/venmo-scraper

How to get Venmo public feed data

Primary LanguagePythonGNU General Public License v3.0GPL-3.0

Venmo Transaction Data

Venmo is a service that allows people to easily send money to each other. Depending on a person's profile setting, their Venmo transactions are made public. This repo contains code to obtain that public transaction data. This project is purely for academic use.

Installation

To get started, follow these steps. Unless otherwise noted, all paths are relative to project's root directory, venmo_scraper. If you have Make installed, simply

  1. Clone this repo.
  2. Run make all.

If you don't have Make installed, you can follow these steps instead.

  1. Clone this repo.
  2. Create a virtual environment.
python3 -m venv venv
  1. Install project and requirements.
pip install -r requirements/requirements.txt
pip install -e .

Once the application is installed, follow these steps if you wish to use the scrape_public_feed.py script (see the Usage section for details).

  1. Install Firefox version 60 or above.
  2. Download the Firefox browser driver, unpack, and move to venv/bin. Note, this step is taken care of if you ran make install.
  3. Create a Venmo account.
  4. Create a file named .env in the project's root directory. Use the template below for your .env file, filling in your details. You can also run generate_env to help generate the file.
PROFILE_PATH=/path/to/profile
LOGIN=my_email@example.com
PASSWORD=password_1234

The PROFILE_PATH is the path to your Firefox profile. Providing your profile will prevent Venmo from asking you to enter a verification code every time you run scrape_public_feed.py. You will need to at least sign into Venmo once using Firefox to prevent asking for the verification code. The profile path may vary across installations but mine is located in ~/.mozilla/firefox/nh3otjry.default. You can also specify the optional DEFAULT_OUTPUT_DIR which is the default output directory of the JSONs obtained from Venmo.

Usage

Make sure to activate the virtual environment by running (in the root directory) source venv/bin/activate. To obtain public transaction data, you can either run:

  • get_public_feed.py: makes a GET request to Venmo's public API.
  • scrape_public_feed.py: logs into your Venmo account and scrapes the public feed.

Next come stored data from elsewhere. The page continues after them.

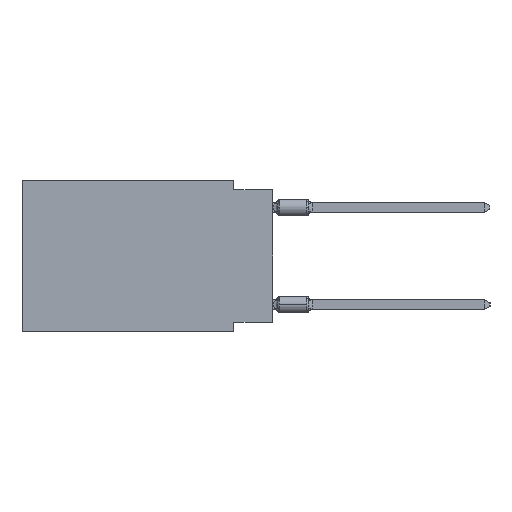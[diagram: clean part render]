
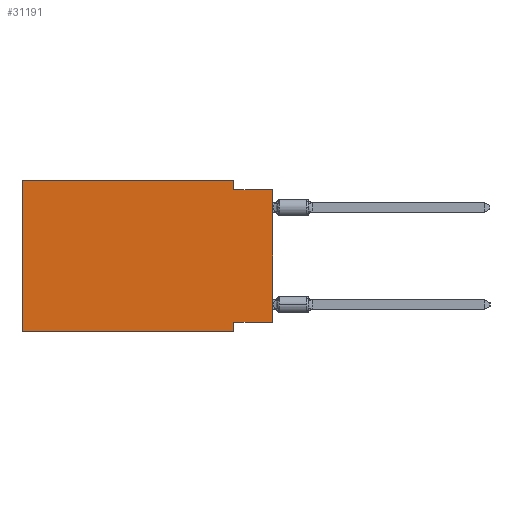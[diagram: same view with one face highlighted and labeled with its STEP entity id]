
A CAD part, left-side view. The second image highlights one B-rep face of the part: STEP entity #31191.
In plain terms, the highlighted planar face has unit normal (-1, 0, 0).
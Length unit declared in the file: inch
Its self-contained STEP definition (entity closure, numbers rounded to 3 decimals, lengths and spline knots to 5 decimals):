
#284 = DIRECTION ( 'NONE',  ( 1., 0., 0. ) ) ;
#534 = LINE ( 'NONE', #34748, #27568 ) ;
#632 = VECTOR ( 'NONE', #30970, 39.37008 ) ;
#734 = DIRECTION ( 'NONE',  ( 0., 0., -1. ) ) ;
#2737 = ORIENTED_EDGE ( 'NONE', *, *, #37032, .F. ) ;
#3662 = ORIENTED_EDGE ( 'NONE', *, *, #19682, .F. ) ;
#4105 = VERTEX_POINT ( 'NONE', #32127 ) ;
#4428 = VERTEX_POINT ( 'NONE', #16117 ) ;
#4958 = CARTESIAN_POINT ( 'NONE',  ( 0., 0.645, -0.39 ) ) ;
#6176 = ORIENTED_EDGE ( 'NONE', *, *, #33719, .T. ) ;
#6207 = CARTESIAN_POINT ( 'NONE',  ( 0., 0.645, 0. ) ) ;
#6735 = CARTESIAN_POINT ( 'NONE',  ( 0., 0., 0. ) ) ;
#6917 = VECTOR ( 'NONE', #22751, 39.37008 ) ;
#7912 = CARTESIAN_POINT ( 'NONE',  ( 0., 0., -0.365 ) ) ;
#8747 = VERTEX_POINT ( 'NONE', #31264 ) ;
#10178 = DIRECTION ( 'NONE',  ( 0., -1., 0. ) ) ;
#10978 = VECTOR ( 'NONE', #10178, 39.37008 ) ;
#11583 = CARTESIAN_POINT ( 'NONE',  ( 0., 0.1, -0.365 ) ) ;
#12307 = CARTESIAN_POINT ( 'NONE',  ( 0., 0.645, 0. ) ) ;
#12559 = ORIENTED_EDGE ( 'NONE', *, *, #32097, .T. ) ;
#14071 = VECTOR ( 'NONE', #31566, 39.37008 ) ;
#14208 = ORIENTED_EDGE ( 'NONE', *, *, #18162, .F. ) ;
#14374 = VERTEX_POINT ( 'NONE', #6207 ) ;
#14588 = VERTEX_POINT ( 'NONE', #11583 ) ;
#15383 = LINE ( 'NONE', #18781, #632 ) ;
#16117 = CARTESIAN_POINT ( 'NONE',  ( 0., 0.1, 0. ) ) ;
#16232 = DIRECTION ( 'NONE',  ( 0., 0., -1. ) ) ;
#16379 = LINE ( 'NONE', #6735, #14071 ) ;
#16675 = ORIENTED_EDGE ( 'NONE', *, *, #17095, .F. ) ;
#17095 = EDGE_CURVE ( 'NONE', #36871, #14588, #35331, .T. ) ;
#18042 = AXIS2_PLACEMENT_3D ( 'NONE', #12307, #284, #24535 ) ;
#18127 = CARTESIAN_POINT ( 'NONE',  ( 0., 0.1, -0.025 ) ) ;
#18162 = EDGE_CURVE ( 'NONE', #14588, #8747, #534, .T. ) ;
#18781 = CARTESIAN_POINT ( 'NONE',  ( 0., 0.645, 0. ) ) ;
#18910 = ORIENTED_EDGE ( 'NONE', *, *, #30823, .F. ) ;
#19398 = ORIENTED_EDGE ( 'NONE', *, *, #32955, .F. ) ;
#19470 = CARTESIAN_POINT ( 'NONE',  ( 0., 0., -0.365 ) ) ;
#19682 = EDGE_CURVE ( 'NONE', #4428, #34378, #26153, .T. ) ;
#20070 = CARTESIAN_POINT ( 'NONE',  ( 0., 0.645, 0. ) ) ;
#20274 = DIRECTION ( 'NONE',  ( 0., -1., 0. ) ) ;
#22304 = VERTEX_POINT ( 'NONE', #31210 ) ;
#22751 = DIRECTION ( 'NONE',  ( 0., 1., 0. ) ) ;
#22926 = EDGE_LOOP ( 'NONE', ( #12559, #2737, #3662, #19398, #18910, #6176, #14208, #16675 ) ) ;
#23851 = DIRECTION ( 'NONE',  ( 0., -1., 0. ) ) ;
#24335 = FACE_OUTER_BOUND ( 'NONE', #22926, .T. ) ;
#24535 = DIRECTION ( 'NONE',  ( 0., 0., -1. ) ) ;
#25014 = VECTOR ( 'NONE', #20274, 39.37008 ) ;
#25411 = LINE ( 'NONE', #4958, #10978 ) ;
#26153 = LINE ( 'NONE', #26355, #37880 ) ;
#26355 = CARTESIAN_POINT ( 'NONE',  ( 0., 0.1, 0. ) ) ;
#26839 = CARTESIAN_POINT ( 'NONE',  ( 0., 0., -0.025 ) ) ;
#27568 = VECTOR ( 'NONE', #734, 39.37008 ) ;
#27725 = PLANE ( 'NONE',  #18042 ) ;
#28313 = VECTOR ( 'NONE', #23851, 39.37008 ) ;
#29082 = LINE ( 'NONE', #20070, #25014 ) ;
#30823 = EDGE_CURVE ( 'NONE', #22304, #14374, #15383, .T. ) ;
#30970 = DIRECTION ( 'NONE',  ( 0., 0., 1. ) ) ;
#31191 = ADVANCED_FACE ( 'NONE', ( #24335 ), #27725, .F. ) ;
#31210 = CARTESIAN_POINT ( 'NONE',  ( 0., 0.645, -0.39 ) ) ;
#31264 = CARTESIAN_POINT ( 'NONE',  ( 0., 0.1, -0.39 ) ) ;
#31566 = DIRECTION ( 'NONE',  ( 0., 0., 1. ) ) ;
#32097 = EDGE_CURVE ( 'NONE', #36871, #4105, #16379, .T. ) ;
#32127 = CARTESIAN_POINT ( 'NONE',  ( 0., 0., -0.025 ) ) ;
#32955 = EDGE_CURVE ( 'NONE', #14374, #4428, #29082, .T. ) ;
#33719 = EDGE_CURVE ( 'NONE', #22304, #8747, #25411, .T. ) ;
#34378 = VERTEX_POINT ( 'NONE', #18127 ) ;
#34748 = CARTESIAN_POINT ( 'NONE',  ( 0., 0.1, -0.39 ) ) ;
#35331 = LINE ( 'NONE', #7912, #6917 ) ;
#36871 = VERTEX_POINT ( 'NONE', #19470 ) ;
#37032 = EDGE_CURVE ( 'NONE', #34378, #4105, #38666, .T. ) ;
#37880 = VECTOR ( 'NONE', #16232, 39.37008 ) ;
#38666 = LINE ( 'NONE', #26839, #28313 ) ;

Note, as of late March 2020, Venmo started putting out fake data to their public web API. The fake data consists of twenty or so transactions with generic user names and messages. You can no longer use get_public_feed.py and will have to use scrape_public_feed.py if you want to get real Venmo transaction data.

The data will be dumped in data/snapshots, by default, as a JSON file. If you want to use a different directory, specify using the --output_dir option of scrape_public_feed.py. The consolidate_json.py script helps you combine JSON files of the same day into one JSON file. The analysis directory contains several Python files that helps analyze the transaction data.

If you run scrape_public_feed.py too frequently, you might at the very least receive a soft ban where Venmo prevents you from signing in for several hours. Run this script at your own risk but running it several times a day should be fine. If you wish to use cron to automate scrape_public_feed.py, using run_scraper may be helpful. It is wrapper around scrape_public_feed.py that activates the virtual environment and adds a sleep option.

Running make clean removes any logs the driver created and the virtual environment. After removing the environment you will need to run make all to create the environment, install the application, and download the browser driver.

Testing

The project uses pytest for testing. You can run the tests easily by running make tests. The project uses pip-tools to manage project requirements for both production and testing.

License

The project uses the GNU General Public License v3.0. The full license can be found in LICENSE.